It's dark and everyone's in bed. Dishes in the sink, laundry on the couch. My debris-scattered home welcomes me like a weary parent, smiling underneath the dark circles collecting around its eyes.I jog upstairs to my room, and Bettie, my shady Siamese cat I named after Bettie Page, slinks behind me with loose skin and a lazy smirk.
My life is a tangled collage. My home life is the background.I am the subject and the focal point. And Max? Well. Max is what makes the collage such a work in progress. I scoop up Bettie in one hand and dig around in my purse for a cigarette and my lighter. Bettie yowls when I flick the lighter and retreats behind my bedside table. I puff away and look out my shoddy bay window at the tiny world. I am a genie, I am a goddess, I am a heroine, I am invincible. I am the most beautiful girl on the planet, and nobody can have me but dear Max. I am I am I am........

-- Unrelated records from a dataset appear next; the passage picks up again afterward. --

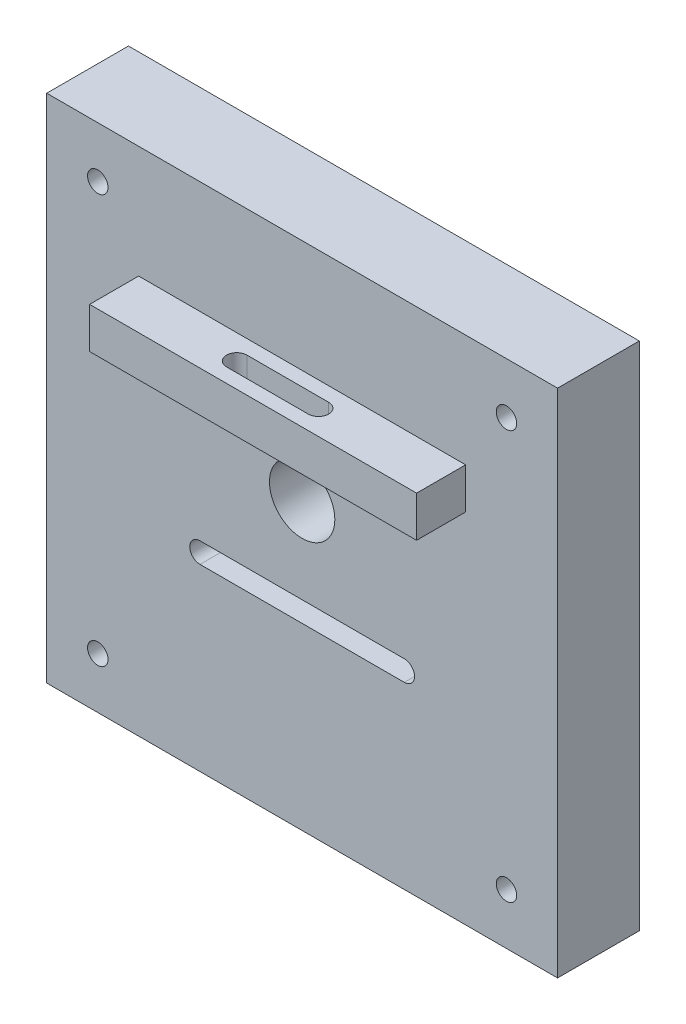
ISO-10303-21;
HEADER;
FILE_DESCRIPTION(('STEP AP214'),'2;1');
FILE_NAME('part.step','',(''),(''),'','','');
FILE_SCHEMA(('AUTOMOTIVE_DESIGN { 1 0 10303 214 1 1 1 1 }'));
ENDSEC;
DATA;
#1=APPLICATION_CONTEXT('core data for automotive mechanical design processes');
#2=APPLICATION_PROTOCOL_DEFINITION('international standard','automotive_design',2000,#1);
#3=PRODUCT_CONTEXT('',#1,'mechanical');
#4=PRODUCT('Part','Part','',(#3));
#5=PRODUCT_RELATED_PRODUCT_CATEGORY('part','',(#4));
#6=PRODUCT_DEFINITION_FORMATION('','',#4);
#7=PRODUCT_DEFINITION_CONTEXT('part definition',#1,'design');
#8=PRODUCT_DEFINITION('design','',#6,#7);
#9=PRODUCT_DEFINITION_SHAPE('','',#8);
#10=(LENGTH_UNIT() NAMED_UNIT(*) SI_UNIT(.MILLI.,.METRE.));
#11=(NAMED_UNIT(*) PLANE_ANGLE_UNIT() SI_UNIT($,.RADIAN.));
#12=(NAMED_UNIT(*) SI_UNIT($,.STERADIAN.) SOLID_ANGLE_UNIT());
#13=UNCERTAINTY_MEASURE_WITH_UNIT(LENGTH_MEASURE(1.E-05),#10,'distance_accuracy_value','');
#14=(GEOMETRIC_REPRESENTATION_CONTEXT(3) GLOBAL_UNCERTAINTY_ASSIGNED_CONTEXT((#13)) GLOBAL_UNIT_ASSIGNED_CONTEXT((#10,
#11,#12)) REPRESENTATION_CONTEXT('',''));
#15=CARTESIAN_POINT('',(0.,0.,0.));
#16=DIRECTION('',(0.,0.,1.));
#17=DIRECTION('',(1.,0.,0.));
#18=AXIS2_PLACEMENT_3D('',#15,#16,#17);
#19=CARTESIAN_POINT('',(0.,0.,20.));
#20=DIRECTION('',(0.,0.,1.));
#21=DIRECTION('',(1.,0.,0.));
#22=AXIS2_PLACEMENT_3D('',#19,#20,#21);
#23=PLANE('',#22);
#24=CARTESIAN_POINT('',(-20.8251473477407,-14.8721021611002,20.));
#25=DIRECTION('',(0.,0.,1.));
#26=DIRECTION('',(1.,0.,0.));
#27=AXIS2_PLACEMENT_3D('',#24,#25,#26);
#28=CIRCLE('',#27,2.5);
#29=CARTESIAN_POINT('',(-20.8251473477407,-12.3721021611002,20.));
#30=VERTEX_POINT('',#29);
#31=CARTESIAN_POINT('',(-20.8251473477407,-17.3721021611002,20.));
#32=VERTEX_POINT('',#31);
#33=EDGE_CURVE('E293',#30,#32,#28,.T.);
#34=ORIENTED_EDGE('',*,*,#33,.F.);
#35=DIRECTION('',(-1.,0.,0.));
#36=VECTOR('',#35,1.);
#37=CARTESIAN_POINT('',(-20.8251473477407,-12.3721021611002,20.));
#38=LINE('',#37,#36);
#39=CARTESIAN_POINT('',(29.1748526522593,-12.3721021611002,20.));
#40=VERTEX_POINT('',#39);
#41=EDGE_CURVE('E303',#40,#30,#38,.T.);
#42=ORIENTED_EDGE('',*,*,#41,.F.);
#43=CARTESIAN_POINT('',(29.1748526522593,-14.8721021611002,20.));
#44=DIRECTION('',(0.,0.,1.));
#45=DIRECTION('',(-1.,0.,0.));
#46=AXIS2_PLACEMENT_3D('',#43,#44,#45);
#47=CIRCLE('',#46,2.5);
#48=CARTESIAN_POINT('',(29.1748526522593,-17.3721021611002,20.));
#49=VERTEX_POINT('',#48);
#50=EDGE_CURVE('E300',#49,#40,#47,.T.);
#51=ORIENTED_EDGE('',*,*,#50,.F.);
#52=DIRECTION('',(1.,0.,0.));
#53=VECTOR('',#52,1.);
#54=CARTESIAN_POINT('',(29.1748526522593,-17.3721021611002,20.));
#55=LINE('',#54,#53);
#56=EDGE_CURVE('E296',#32,#49,#55,.T.);
#57=ORIENTED_EDGE('',*,*,#56,.F.);
#58=EDGE_LOOP('',(#34,#42,#51,#57));
#59=FACE_BOUND('',#58,.T.);
#60=CARTESIAN_POINT('',(4.17485265225931,8.6278978388998,20.));
#61=DIRECTION('',(0.,0.,1.));
#62=DIRECTION('',(1.,0.,0.));
#63=AXIS2_PLACEMENT_3D('',#60,#61,#62);
#64=CIRCLE('',#63,8.);
#65=CARTESIAN_POINT('',(12.1748526522593,8.6278978388998,20.));
#66=VERTEX_POINT('',#65);
#67=EDGE_CURVE('E292',#66,#66,#64,.T.);
#68=ORIENTED_EDGE('',*,*,#67,.F.);
#69=EDGE_LOOP('',(#68));
#70=FACE_BOUND('',#69,.T.);
#71=CARTESIAN_POINT('',(-45.8251473477397,-48.7721021611002,20.));
#72=DIRECTION('',(0.,0.,1.));
#73=DIRECTION('',(1.,0.,0.));
#74=AXIS2_PLACEMENT_3D('',#71,#72,#73);
#75=CIRCLE('',#74,2.5);
#76=CARTESIAN_POINT('',(-43.3251473477397,-48.7721021611002,20.));
#77=VERTEX_POINT('',#76);
#78=EDGE_CURVE('E309',#77,#77,#75,.T.);
#79=ORIENTED_EDGE('',*,*,#78,.F.);
#80=EDGE_LOOP('',(#79));
#81=FACE_BOUND('',#80,.T.);
#82=CARTESIAN_POINT('',(54.1748526522604,-48.7721021611002,20.));
#83=DIRECTION('',(0.,0.,1.));
#84=DIRECTION('',(1.,0.,0.));
#85=AXIS2_PLACEMENT_3D('',#82,#83,#84);
#86=CIRCLE('',#85,2.5);
#87=CARTESIAN_POINT('',(56.6748526522604,-48.7721021611002,20.));
#88=VERTEX_POINT('',#87);
#89=EDGE_CURVE('E329',#88,#88,#86,.T.);
#90=ORIENTED_EDGE('',*,*,#89,.F.);
#91=EDGE_LOOP('',(#90));
#92=FACE_BOUND('',#91,.T.);
#93=CARTESIAN_POINT('',(54.1748526522593,51.2278978388998,20.));
#94=DIRECTION('',(0.,0.,1.));
#95=DIRECTION('',(1.,0.,0.));
#96=AXIS2_PLACEMENT_3D('',#93,#94,#95);
#97=CIRCLE('',#96,2.5);
#98=CARTESIAN_POINT('',(56.6748526522593,51.2278978388998,20.));
#99=VERTEX_POINT('',#98);
#100=EDGE_CURVE('E323',#99,#99,#97,.T.);
#101=ORIENTED_EDGE('',*,*,#100,.F.);
#102=EDGE_LOOP('',(#101));
#103=FACE_BOUND('',#102,.T.);
#104=CARTESIAN_POINT('',(-45.8251473477407,51.2278978388998,20.));
#105=DIRECTION('',(0.,0.,1.));
#106=DIRECTION('',(1.,0.,0.));
#107=AXIS2_PLACEMENT_3D('',#104,#105,#106);
#108=CIRCLE('',#107,2.5);
#109=CARTESIAN_POINT('',(-43.3251473477407,51.2278978388998,20.));
#110=VERTEX_POINT('',#109);
#111=EDGE_CURVE('E322',#110,#110,#108,.T.);
#112=ORIENTED_EDGE('',*,*,#111,.F.);
#113=EDGE_LOOP('',(#112));
#114=FACE_BOUND('',#113,.T.);
#115=DIRECTION('',(0.,-1.,0.));
#116=VECTOR('',#115,1.);
#117=CARTESIAN_POINT('',(-58.3251473477407,63.7278978388998,20.));
#118=LINE('',#117,#116);
#119=CARTESIAN_POINT('',(-58.3251473477407,63.7278978388998,20.));
#120=VERTEX_POINT('',#119);
#121=CARTESIAN_POINT('',(-58.3251473477407,-61.2721021611002,20.));
#122=VERTEX_POINT('',#121);
#123=EDGE_CURVE('E343',#120,#122,#118,.T.);
#124=ORIENTED_EDGE('',*,*,#123,.T.);
#125=DIRECTION('',(1.,0.,0.));
#126=VECTOR('',#125,1.);
#127=CARTESIAN_POINT('',(-58.3251473477407,-61.2721021611002,20.));
#128=LINE('',#127,#126);
#129=CARTESIAN_POINT('',(66.6748526522593,-61.2721021611002,20.));
#130=VERTEX_POINT('',#129);
#131=EDGE_CURVE('E346',#122,#130,#128,.T.);
#132=ORIENTED_EDGE('',*,*,#131,.T.);
#133=DIRECTION('',(0.,1.,0.));
#134=VECTOR('',#133,1.);
#135=CARTESIAN_POINT('',(66.6748526522593,63.7278978388998,20.));
#136=LINE('',#135,#134);
#137=CARTESIAN_POINT('',(66.6748526522593,63.7278978388998,20.));
#138=VERTEX_POINT('',#137);
#139=EDGE_CURVE('E349',#130,#138,#136,.T.);
#140=ORIENTED_EDGE('',*,*,#139,.T.);
#141=DIRECTION('',(-1.,0.,0.));
#142=VECTOR('',#141,1.);
#143=CARTESIAN_POINT('',(-58.3251473477407,63.7278978388998,20.));
#144=LINE('',#143,#142);
#145=EDGE_CURVE('E351',#138,#120,#144,.T.);
#146=ORIENTED_EDGE('',*,*,#145,.T.);
#147=EDGE_LOOP('',(#124,#132,#140,#146));
#148=FACE_BOUND('',#147,.T.);
#149=DIRECTION('',(1.,0.,0.));
#150=VECTOR('',#149,1.);
#151=CARTESIAN_POINT('',(-35.8251473477407,26.2278978388998,20.));
#152=LINE('',#151,#150);
#153=CARTESIAN_POINT('',(-35.8251473477407,26.2278978388998,20.));
#154=VERTEX_POINT('',#153);
#155=CARTESIAN_POINT('',(44.1748526522593,26.2278978388998,20.));
#156=VERTEX_POINT('',#155);
#157=EDGE_CURVE('E247',#154,#156,#152,.T.);
#158=ORIENTED_EDGE('',*,*,#157,.F.);
#159=DIRECTION('',(0.,-1.,0.));
#160=VECTOR('',#159,1.);
#161=CARTESIAN_POINT('',(-35.8251473477407,26.2278978388998,20.));
#162=LINE('',#161,#160);
#163=CARTESIAN_POINT('',(-35.8251473477407,36.2278978388998,20.));
#164=VERTEX_POINT('',#163);
#165=EDGE_CURVE('E233',#164,#154,#162,.T.);
#166=ORIENTED_EDGE('',*,*,#165,.F.);
#167=DIRECTION('',(-1.,0.,0.));
#168=VECTOR('',#167,1.);
#169=CARTESIAN_POINT('',(-35.8251473477407,36.2278978388998,20.));
#170=LINE('',#169,#168);
#171=CARTESIAN_POINT('',(44.1748526522593,36.2278978388998,20.));
#172=VERTEX_POINT('',#171);
#173=EDGE_CURVE('E238',#172,#164,#170,.T.);
#174=ORIENTED_EDGE('',*,*,#173,.F.);
#175=DIRECTION('',(0.,1.,0.));
#176=VECTOR('',#175,1.);
#177=CARTESIAN_POINT('',(44.1748526522593,26.2278978388998,20.));
#178=LINE('',#177,#176);
#179=EDGE_CURVE('E249',#156,#172,#178,.T.);
#180=ORIENTED_EDGE('',*,*,#179,.F.);
#181=EDGE_LOOP('',(#158,#166,#174,#180));
#182=FACE_BOUND('',#181,.T.);
#183=ADVANCED_FACE('F36',(#59,#70,#81,#92,#103,#114,#148,#182),#23,.T.);
#184=CARTESIAN_POINT('',(-20.8251473477407,-14.8721021611002,0.));
#185=DIRECTION('',(0.,0.,1.));
#186=DIRECTION('',(1.,0.,0.));
#187=AXIS2_PLACEMENT_3D('',#184,#185,#186);
#188=CYLINDRICAL_SURFACE('',#187,2.5);
#189=CARTESIAN_POINT('',(-20.8251473477407,-14.8721021611002,10.));
#190=DIRECTION('',(0.,0.,-1.));
#191=DIRECTION('',(-1.,0.,0.));
#192=AXIS2_PLACEMENT_3D('',#189,#190,#191);
#193=CIRCLE('',#192,2.5);
#194=CARTESIAN_POINT('',(-20.8251473477407,-12.3721021611002,10.));
#195=VERTEX_POINT('',#194);
#196=CARTESIAN_POINT('',(-20.8251473477407,-17.3721021611002,10.));
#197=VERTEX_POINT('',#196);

And I hear footsteps. Jesus Christ. I snuff the end of the cigarette and hide it behind my back just as my Mom comes in, curlers loose, slippers threadbare, the look of a mother long given up on her family, her life, her looks. My big sister Lauren is behind her, cautious. She is my protector at home, the only person in my family I care about. She is beautiful and strong. I love Lauren.
"I smell smoke." my mother narrows her eyes and barrels ahead of Lauren into my room. "Patricia,What on earth is wrong with you?" She is unsteady on her feet. Lauren grips her shoulders. "Mom....Trisha's fine. Its time for bed. Did you remember your medicine?" On her way out of my room, shuffling my mother to where she rightly belongs, she whispers to me. "I'll be in later."
UGH. Patricia. I hate that name, and I hate my mother trying to act like a mother when its Lauren who carries the weight, who dropped out of college to keep her, my mother, and I from starving. Ugh. Why does she even bother? Why does she put all of this on my sister? Stupid whore. I relight my cigarette and pretend I'm back in Max's car, where I belong.